(Dataset entries)
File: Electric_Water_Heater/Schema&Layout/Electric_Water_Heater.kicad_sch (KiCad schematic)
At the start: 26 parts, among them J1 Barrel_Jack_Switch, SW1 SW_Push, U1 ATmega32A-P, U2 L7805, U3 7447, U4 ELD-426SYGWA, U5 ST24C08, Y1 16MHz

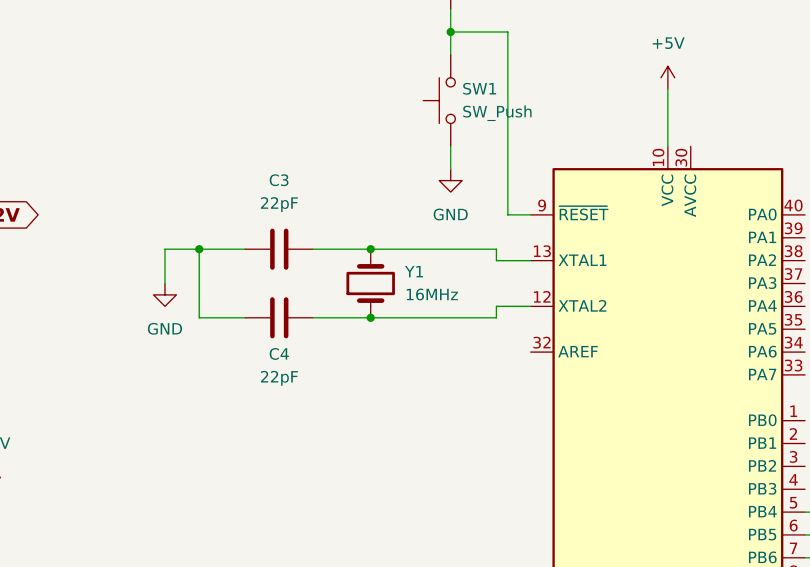
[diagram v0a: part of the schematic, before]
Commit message: Integrate I2C External EEPROM With Seven Segment
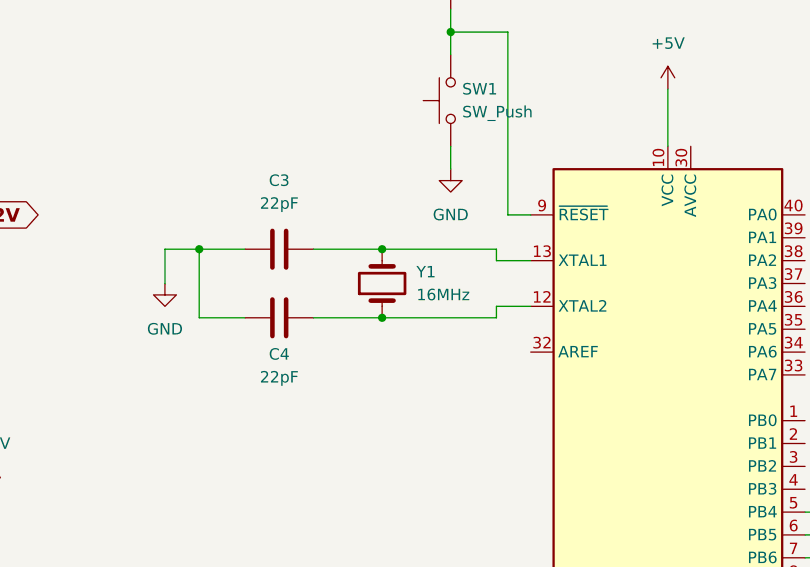
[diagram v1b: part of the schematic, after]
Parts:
- Y1: footprint (none) -> Crystal:Crystal_HC49-4H_Vertical
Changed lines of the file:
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@@
 	)
 	(junction
-		(at 119.38 72.39)
-		(diameter 0)
-		(color 0 0 0 0)
-	)
-	(junction
 		(at 39.37 66.04)
 		(diameter 0)
@@
 	)
 	(junction
-		(at 119.38 64.77)
+		(at 120.65 64.77)
 		(diameter 0)
 		(color 0 0 0 0)
@@
 	)
 	(junction
+		(at 120.65 72.39)
+		(diameter 0)
+		(color 0 0 0 0)
+	)
+	(junction
 		(at 66.04 91.44)
 		(diameter 0)
@@
 	(wire
 		(pts
-			(xy 119.38 72.39) (xy 133.35 72.39)
+			(xy 113.03 72.39) (xy 120.65 72.39)
 		)
 		(stroke
@@
 	(wire
 		(pts
-			(xy 113.03 64.77) (xy 119.38 64.77)
-		)
-		(stroke
-			(width 0)
-			(type default)
-		)
-	)
-	(wire
-		(pts
 			(xy 198.12 121.92) (xy 208.28 121.92)
 		)
@@
 	(wire
 		(pts
+			(xy 120.65 72.39) (xy 133.35 72.39)
+		)
+		(stroke
+			(width 0)
+			(type default)
+		)
+	)
+	(wire
+		(pts
 			(xy 232.41 45.72) (xy 229.87 45.72)
 		)
@@
 	(wire
 		(pts
-			(xy 113.03 72.39) (xy 119.38 72.39)
-		)
-		(stroke
-			(width 0)
-			(type default)
-		)
-	)
-	(wire
-		(pts
 			(xy 66.04 93.98) (xy 66.04 91.44)
 		)
@@
 	(wire
 		(pts
-			(xy 133.35 64.77) (xy 119.38 64.77)
+			(xy 113.03 64.77) (xy 120.65 64.77)
 		)
 		(stroke
@@
 	(wire
 		(pts
+			(xy 120.65 64.77) (xy 133.35 64.77)
+		)
+		(stroke
+			(width 0)
+			(type default)
+		)
+	)
+	(wire
+		(pts
 			(xy 39.37 66.04) (xy 39.37 72.39)
 		)
@@
 	)
 	(symbol
+		(lib_id "Device:Crystal")
+		(at 120.65 68.58 90)
+		(unit 1)
+		(exclude_from_sim no)
+		(in_bom yes)
+		(on_board yes)
+		(dnp no)
+		(fields_autoplaced yes)
+		(property "Reference" "Y1"
+			(at 124.46 67.3099 90)
+			(effects
+				(font
+					(size 1.27 1.27)
+				)
+				(justify right)
+			)
+		)
+		(property "Value" "16MHz"
+			(at 124.46 69.8499 90)
+			(effects
+				(font
+					(size 1.27 1.27)
+				)
+				(justify right)
+			)
+		)
+		(property "Footprint" "Crystal:Crystal_HC49-4H_Vertical"
+			(at 120.65 68.58 0)
+			(effects
+				(font
+					(size 1.27 1.27)
+				)
+				(hide yes)
+			)
+		)
+		(property "Datasheet" "~"
+			(at 120.65 68.58 0)
+			(effects
+				(font
+					(size 1.27 1.27)
+				)
+				(hide yes)
+			)
+		)
+		(property "Description" "Two pin crystal"
+			(at 120.65 68.58 0)
+			(effects
+				(font
+					(size 1.27 1.27)
+				)
+				(hide yes)
+			)
+		)
+		(pin "1"
+		)
+		(pin "2"
+		)
+		(instances
+			(project ""
+				(path "/bb2186c6-1d5c-41ff-b914-7b8e78ba1812"
+					(reference "Y1")
+					(unit 1)
+				)
+			)
+		)
+	)
+	(symbol
 		(lib_id "Device:R")
 		(at 236.22 55.88 90)
@@
 					(unit 1)
 				)
-			)
-		)
-	)
-	(symbol
-		(lib_id "Device:Crystal")
-		(at 119.38 68.58 90)
-		(unit 1)
-		(exclude_from_sim no)
-		(in_bom yes)
-		(on_board yes)
-		(dnp no)
-		(fields_autoplaced yes)
-		(property "Reference" "Y1"
-			(at 123.19 67.3099 90)
-			(effects
-				(font
-					(size 1.27 1.27)
-				)
-				(justify right)
-			)
-		)
-		(property "Value" "16MHz"
-			(at 123.19 69.8499 90)
-			(effects
-				(font
-					(size 1.27 1.27)
-				)
-				(justify right)
-			)
-		)
-		(property "Footprint" ""
-			(at 119.38 68.58 0)
-			(effects
-				(font
-					(size 1.27 1.27)
-				)
-				(hide yes)
-			)
-		)
-		(property "Datasheet" "~"
-			(at 119.38 68.58 0)
-			(effects
-				(font
-					(size 1.27 1.27)
-				)
-				(hide yes)
-			)
-		)
-		(property "Description" "Two pin crystal"
-			(at 119.38 68.58 0)
-			(effects
-				(font
-					(size 1.27 1.27)
-				)
-				(hide yes)
-			)
-		)
-		(pin "1"
-		)
-		(pin "2"
-		)
-		(instances
-			(project ""
-				(path "/bb2186c6-1d5c-41ff-b914-7b8e78ba1812"
-					(reference "Y1")
-					(unit 1)
-				)

Aim of the task:
Word for word, repeat each line of the records, and leave every image out.

Exercise output:
File: Electric_Water_Heater/Schema&Layout/Electric_Water_Heater.kicad_sch (KiCad schematic)
At the start: 26 parts, among them J1 Barrel_Jack_Switch, SW1 SW_Push, U1 ATmega32A-P, U2 L7805, U3 7447, U4 ELD-426SYGWA, U5 ST24C08, Y1 16MHz

[diagram v0a: part of the schematic, before]
Commit message: Integrate I2C External EEPROM With Seven Segment
[diagram v1b: part of the schematic, after]
Parts:
- Y1: footprint (none) -> Crystal:Crystal_HC49-4H_Vertical
Changed lines of the file:
@@
 	)
 	(junction
-		(at 119.38 72.39)
-		(diameter 0)
-		(color 0 0 0 0)
-	)
-	(junction
 		(at 39.37 66.04)
 		(diameter 0)
@@
 	)
 	(junction
-		(at 119.38 64.77)
+		(at 120.65 64.77)
 		(diameter 0)
 		(color 0 0 0 0)
@@
 	)
 	(junction
+		(at 120.65 72.39)
+		(diameter 0)
+		(color 0 0 0 0)
+	)
+	(junction
 		(at 66.04 91.44)
 		(diameter 0)
@@
 	(wire
 		(pts
-			(xy 119.38 72.39) (xy 133.35 72.39)
+			(xy 113.03 72.39) (xy 120.65 72.39)
 		)
 		(stroke
@@
 	(wire
 		(pts
-			(xy 113.03 64.77) (xy 119.38 64.77)
-		)
-		(stroke
-			(width 0)
-			(type default)
-		)
-	)
-	(wire
-		(pts
 			(xy 198.12 121.92) (xy 208.28 121.92)
 		)
@@
 	(wire
 		(pts
+			(xy 120.65 72.39) (xy 133.35 72.39)
+		)
+		(stroke
+			(width 0)
+			(type default)
+		)
+	)
+	(wire
+		(pts
 			(xy 232.41 45.72) (xy 229.87 45.72)
 		)
@@
 	(wire
 		(pts
-			(xy 113.03 72.39) (xy 119.38 72.39)
-		)
-		(stroke
-			(width 0)
-			(type default)
-		)
-	)
-	(wire
-		(pts
 			(xy 66.04 93.98) (xy 66.04 91.44)
 		)
@@
 	(wire
 		(pts
-			(xy 133.35 64.77) (xy 119.38 64.77)
+			(xy 113.03 64.77) (xy 120.65 64.77)
 		)
 		(stroke
@@
 	(wire
 		(pts
+			(xy 120.65 64.77) (xy 133.35 64.77)
+		)
+		(stroke
+			(width 0)
+			(type default)
+		)
+	)
+	(wire
+		(pts
 			(xy 39.37 66.04) (xy 39.37 72.39)
 		)
@@
 	)
 	(symbol
+		(lib_id "Device:Crystal")
+		(at 120.65 68.58 90)
+		(unit 1)
+		(exclude_from_sim no)
+		(in_bom yes)
+		(on_board yes)
+		(dnp no)
+		(fields_autoplaced yes)
+		(property "Reference" "Y1"
+			(at 124.46 67.3099 90)
+			(effects
+				(font
+					(size 1.27 1.27)
+				)
+				(justify right)
+			)
+		)
+		(property "Value" "16MHz"
+			(at 124.46 69.8499 90)
+			(effects
+				(font
+					(size 1.27 1.27)
+				)
+				(justify right)
+			)
+		)
+		(property "Footprint" "Crystal:Crystal_HC49-4H_Vertical"
+			(at 120.65 68.58 0)
+			(effects
+				(font
+					(size 1.27 1.27)
+				)
+				(hide yes)
+			)
+		)
+		(property "Datasheet" "~"
+			(at 120.65 68.58 0)
+			(effects
+				(font
+					(size 1.27 1.27)
+				)
+				(hide yes)
+			)
+		)
+		(property "Description" "Two pin crystal"
+			(at 120.65 68.58 0)
+			(effects
+				(font
+					(size 1.27 1.27)
+				)
+				(hide yes)
+			)
+		)
+		(pin "1"
+		)
+		(pin "2"
+		)
+		(instances
+			(project ""
+				(path "/bb2186c6-1d5c-41ff-b914-7b8e78ba1812"
+					(reference "Y1")
+					(unit 1)
+				)
+			)
+		)
+	)
+	(symbol
 		(lib_id "Device:R")
 		(at 236.22 55.88 90)
@@
 					(unit 1)
 				)
-			)
-		)
-	)
-	(symbol
-		(lib_id "Device:Crystal")
-		(at 119.38 68.58 90)
-		(unit 1)
-		(exclude_from_sim no)
-		(in_bom yes)
-		(on_board yes)
-		(dnp no)
-		(fields_autoplaced yes)
-		(property "Reference" "Y1"
-			(at 123.19 67.3099 90)
-			(effects
-				(font
-					(size 1.27 1.27)
-				)
-				(justify right)
-			)
-		)
-		(property "Value" "16MHz"
-			(at 123.19 69.8499 90)
-			(effects
-				(font
-					(size 1.27 1.27)
-				)
-				(justify right)
-			)
-		)
-		(property "Footprint" ""
-			(at 119.38 68.58 0)
-			(effects
-				(font
-					(size 1.27 1.27)
-				)
-				(hide yes)
-			)
-		)
-		(property "Datasheet" "~"
-			(at 119.38 68.58 0)
-			(effects
-				(font
-					(size 1.27 1.27)
-				)
-				(hide yes)
-			)
-		)
-		(property "Description" "Two pin crystal"
-			(at 119.38 68.58 0)
-			(effects
-				(font
-					(size 1.27 1.27)
-				)
-				(hide yes)
-			)
-		)
-		(pin "1"
-		)
-		(pin "2"
-		)
-		(instances
-			(project ""
-				(path "/bb2186c6-1d5c-41ff-b914-7b8e78ba1812"
-					(reference "Y1")
-					(unit 1)
-				)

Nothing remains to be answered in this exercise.